Verizon is here at CES so I'll find them tomorrow and quiz them about this.


----------



## Gables Girl (Oct 28, 2008)

Perhaps Verizon is fishing to get the Amazon Kindle contract?  Would not be the first time a company pretended interest in another unnamed rival to get a foot in the door.  From what I read Sprint is considered to have major challenges ahead.


----------



## KindleMom (Dec 11, 2008)

Gables Girl said:


> Perhaps Verizon is fishing to get the Amazon Kindle contract? Would not be the first time a company pretended interest in another unnamed rival to get a foot in the door. From what I read Sprint is considered to have major challenges ahead.

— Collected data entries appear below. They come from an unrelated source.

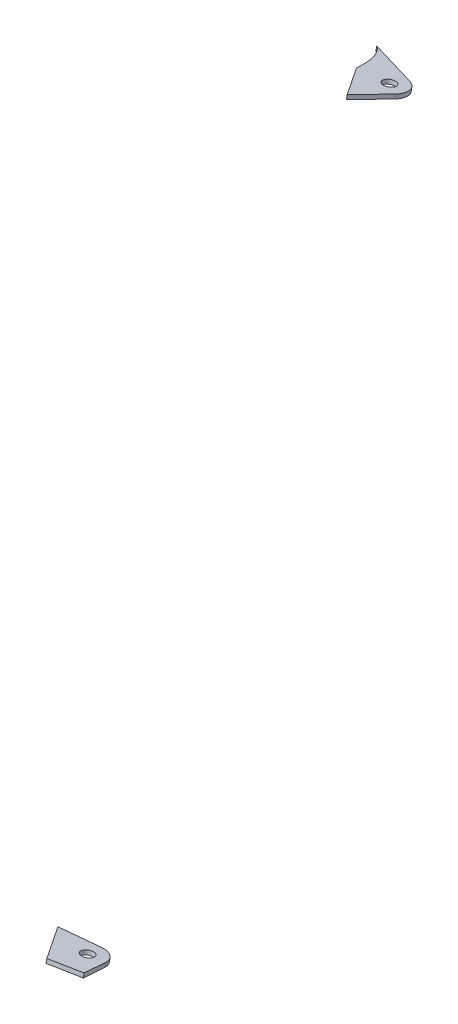
ISO-10303-21;
HEADER;
FILE_DESCRIPTION(('STEP AP214'),'2;1');
FILE_NAME('part.step','',(''),(''),'','','');
FILE_SCHEMA(('AUTOMOTIVE_DESIGN { 1 0 10303 214 1 1 1 1 }'));
ENDSEC;
DATA;
#1=APPLICATION_CONTEXT('core data for automotive mechanical design processes');
#2=APPLICATION_PROTOCOL_DEFINITION('international standard','automotive_design',2000,#1);
#3=PRODUCT_CONTEXT('',#1,'mechanical');
#4=PRODUCT('Part','Part','',(#3));
#5=PRODUCT_RELATED_PRODUCT_CATEGORY('part','',(#4));
#6=PRODUCT_DEFINITION_FORMATION('','',#4);
#7=PRODUCT_DEFINITION_CONTEXT('part definition',#1,'design');
#8=PRODUCT_DEFINITION('design','',#6,#7);
#9=PRODUCT_DEFINITION_SHAPE('','',#8);
#10=(LENGTH_UNIT() NAMED_UNIT(*) SI_UNIT(.MILLI.,.METRE.));
#11=(NAMED_UNIT(*) PLANE_ANGLE_UNIT() SI_UNIT($,.RADIAN.));
#12=(NAMED_UNIT(*) SI_UNIT($,.STERADIAN.) SOLID_ANGLE_UNIT());
#13=UNCERTAINTY_MEASURE_WITH_UNIT(LENGTH_MEASURE(1.E-05),#10,'distance_accuracy_value','');
#14=(GEOMETRIC_REPRESENTATION_CONTEXT(3) GLOBAL_UNCERTAINTY_ASSIGNED_CONTEXT((#13)) GLOBAL_UNIT_ASSIGNED_CONTEXT((#10,
#11,#12)) REPRESENTATION_CONTEXT('',''));
#15=CARTESIAN_POINT('',(0.,0.,0.));
#16=DIRECTION('',(0.,0.,1.));
#17=DIRECTION('',(1.,0.,0.));
#18=AXIS2_PLACEMENT_3D('',#15,#16,#17);
#19=CARTESIAN_POINT('',(923.569906868332,176.143738161114,-1058.06071166388));
#20=CARTESIAN_POINT('',(923.978106770845,176.194725851389,-1057.79840273711));
#21=CARTESIAN_POINT('',(924.361430621937,176.252376353669,-1057.50181661408));
#22=CARTESIAN_POINT('',(924.933250586607,176.351512786668,-1056.99180387957));
#23=CARTESIAN_POINT('',(925.135186128114,176.389480944465,-1056.79647464089));
#24=CARTESIAN_POINT('',(925.521222500008,176.467380182453,-1056.39571780326));
#25=CARTESIAN_POINT('',(925.706214443309,176.507458436446,-1056.18953306073));
#26=CARTESIAN_POINT('',(926.596451968125,176.712732275059,-1055.13349070992));
#27=CARTESIAN_POINT('',(927.201304914618,176.892533494041,-1054.20849362673));
#28=CARTESIAN_POINT('',(928.265984348611,177.270510413532,-1052.26397094762));
#29=CARTESIAN_POINT('',(928.714956528832,177.465090877903,-1051.2629412382));
#30=CARTESIAN_POINT('',(929.501728033637,177.861708895426,-1049.22251842335));
#31=CARTESIAN_POINT('',(929.83867607656,178.063803549593,-1048.18283155865));
#32=CARTESIAN_POINT('',(930.429066466174,178.473594129808,-1046.0746417835));
#33=CARTESIAN_POINT('',(930.682852112076,178.681957629434,-1045.00270450472));
#34=CARTESIAN_POINT('',(931.173926629931,179.149466366922,-1042.59758055177));
#35=CARTESIAN_POINT('',(931.393872962749,179.408729419646,-1041.26378777269));
#36=CARTESIAN_POINT('',(931.575131617797,179.668330600665,-1039.92825547433));
#37=B_SPLINE_CURVE_WITH_KNOTS('',3,(#19,#20,#21,#22,#23,#24,#25,#26,#27,#28,#29,#30,#31,#32,#33,
#34,#35,#36),.UNSPECIFIED.,.F.,.F.,(4,2,2,2,2,2,2,2,4),(0.533256834167614,0.546875000000102,
0.554687500000106,0.562500000000109,0.593750000000104,0.625000000000098,0.656250000000093,
0.687500000000087,0.726253317925459),.UNSPECIFIED.);
#38=DIRECTION('',(0.,-0.981627183447661,0.190808995376562));
#39=VECTOR('',#38,1.);
#40=SURFACE_OF_LINEAR_EXTRUSION('',#37,#39);
#41=CARTESIAN_POINT('',(923.569906868332,174.180483794219,-1057.67909367312));
#42=CARTESIAN_POINT('',(923.978106770845,174.231471484493,-1057.41678474636));
#43=CARTESIAN_POINT('',(924.361430621937,174.289121986774,-1057.12019862333));
#44=CARTESIAN_POINT('',(924.933250586607,174.388258419773,-1056.61018588881));
#45=CARTESIAN_POINT('',(925.135186128113,174.42622657757,-1056.41485665014));
#46=CARTESIAN_POINT('',(925.521222500008,174.504125815558,-1056.01409981251));
#47=CARTESIAN_POINT('',(925.706214443309,174.54420406955,-1055.80791506998));
#48=CARTESIAN_POINT('',(926.596451968125,174.749477908164,-1054.75187271916));
#49=CARTESIAN_POINT('',(927.201304914618,174.929279127146,-1053.82687563597));
#50=CARTESIAN_POINT('',(928.265984348611,175.307256046636,-1051.88235295686));
#51=CARTESIAN_POINT('',(928.714956528832,175.501836511008,-1050.88132324745));
#52=CARTESIAN_POINT('',(929.501728033637,175.898454528531,-1048.8409004326));
#53=CARTESIAN_POINT('',(929.838676076559,176.100549182698,-1047.8012135679));
#54=CARTESIAN_POINT('',(930.429066466174,176.510339762913,-1045.69302379275));
#55=CARTESIAN_POINT('',(930.682852112076,176.718703262539,-1044.62108651396));
#56=CARTESIAN_POINT('',(931.173926629931,177.186212000026,-1042.21596256102));
#57=CARTESIAN_POINT('',(931.393872962749,177.445475052751,-1040.88216978193));
#58=CARTESIAN_POINT('',(931.575131617797,177.705076233769,-1039.54663748358));
#59=B_SPLINE_CURVE_WITH_KNOTS('',3,(#41,#42,#43,#44,#45,#46,#47,#48,#49,#50,#51,#52,#53,#54,#55,
#56,#57,#58),.UNSPECIFIED.,.F.,.F.,(4,2,2,2,2,2,2,2,4),(0.533256834167614,0.546875000000102,
0.554687500000106,0.562500000000109,0.593750000000104,0.625000000000098,0.656250000000093,
0.687500000000087,0.726253317925459),.UNSPECIFIED.);
#60=CARTESIAN_POINT('',(923.569906868331,174.180483794219,-1057.67909367312));
#61=VERTEX_POINT('',#60);
#62=CARTESIAN_POINT('',(931.575131617797,177.705076233769,-1039.54663748358));
#63=VERTEX_POINT('',#62);
#64=EDGE_CURVE('E183',#61,#63,#59,.T.);
#65=ORIENTED_EDGE('',*,*,#64,.T.);
#66=DIRECTION('',(0.,-0.981627183447661,0.190808995376562));
#67=VECTOR('',#66,1.);
#68=CARTESIAN_POINT('',(931.575131617797,179.668330600665,-1039.92825547433));
#69=LINE('',#68,#67);
#70=CARTESIAN_POINT('',(931.575131617797,179.668330600665,-1039.92825547433));
#71=VERTEX_POINT('',#70);
#72=EDGE_CURVE('E123',#71,#63,#69,.T.);
#73=ORIENTED_EDGE('',*,*,#72,.F.);
#74=CARTESIAN_POINT('',(931.575131617797,179.668330600665,-1039.92825547433));
#75=CARTESIAN_POINT('',(931.393872962749,179.408729419646,-1041.26378777269));
#76=CARTESIAN_POINT('',(931.173926629931,179.149466366922,-1042.59758055177));
#77=CARTESIAN_POINT('',(930.682852112076,178.681957629434,-1045.00270450472));
#78=CARTESIAN_POINT('',(930.429066466174,178.473594129808,-1046.0746417835));
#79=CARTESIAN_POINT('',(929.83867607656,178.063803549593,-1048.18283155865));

Oooooo. I like this strategy idea. I would love it if Kindle switched to Verizon. A lot of my friends have Sprint and most of their phones don't work at my house. Luckily I have no problem with Whispernet. It's never five bars but is usually four.


----------



## Ann in Arlington (Oct 27, 2008)

I believe Verizon and Sprint are both CDMA networks. . .so software/hardware-wise it would certainly be possible. . . . .

Ann
(if I'm wrong about that, I apologize.  I'm sure someone else has the full scoop. .. I didn't look it up. . .)


----------



## stevene9 (Nov 9, 2008)

I did a lot of research on cell phone coverage after I got an RV and wanted to see which service is best for general national coverage. This is extensively covered in the RV forums because people have a lot of real world experience traveling all over the country using their phones. It is generally accepted that Verizon has the best overall national coverage. Most particularly they are better in the more rural areas than their competitors. In the urban and suburban areas their was not much difference. Having said that I am sure that Sprint most have this thing legally sown up for many years. There is no real impetus for Amazon to switch, the vast majority of people get whispernet just fine, at least at some point during the day (if it doesn't work at home maybe it works at work, or at the store, etc). Its not like you have to have continous coverage like with a cell phone.

Steve


----------



## Essensia (Nov 3, 2008)

> This is extensively covered in the RV forums because people have a lot of real world experience traveling all over the country using their phones. It is generally accepted that Verizon has the best overall national coverage.


Ditto. When I lived and worked in my RV, I found that Verizon had the best national coverage. It surprised me when I researched the Kindle and learned that Whispernet is Sprint-based. I expected Amazon to go with the accepted top of the line.

On the other hand, USB downloading isn't a deal-breaker. I just hoped for a little more from Amazon. Whispernet works fine for me when I'm home-based.


----------



## DawnOfChaos (Nov 12, 2008)

I'd be a little leery of Verizon taking over anything.

Don't get me wrong, I have a Verizon phone and have Verizon contracts for about 5 years now.  I love their coverage.  But they do things to their phones to limit their manufactured functionality (such as file transfers via bluetooth, or GPS).  Sometimes they don't mention the changes they've made to the phones until after market, when their customer service reps in the store are just as confused as the consumer about what the phone can and can't do.  So people build work-arounds just to get to the functionality the manufacturer intended.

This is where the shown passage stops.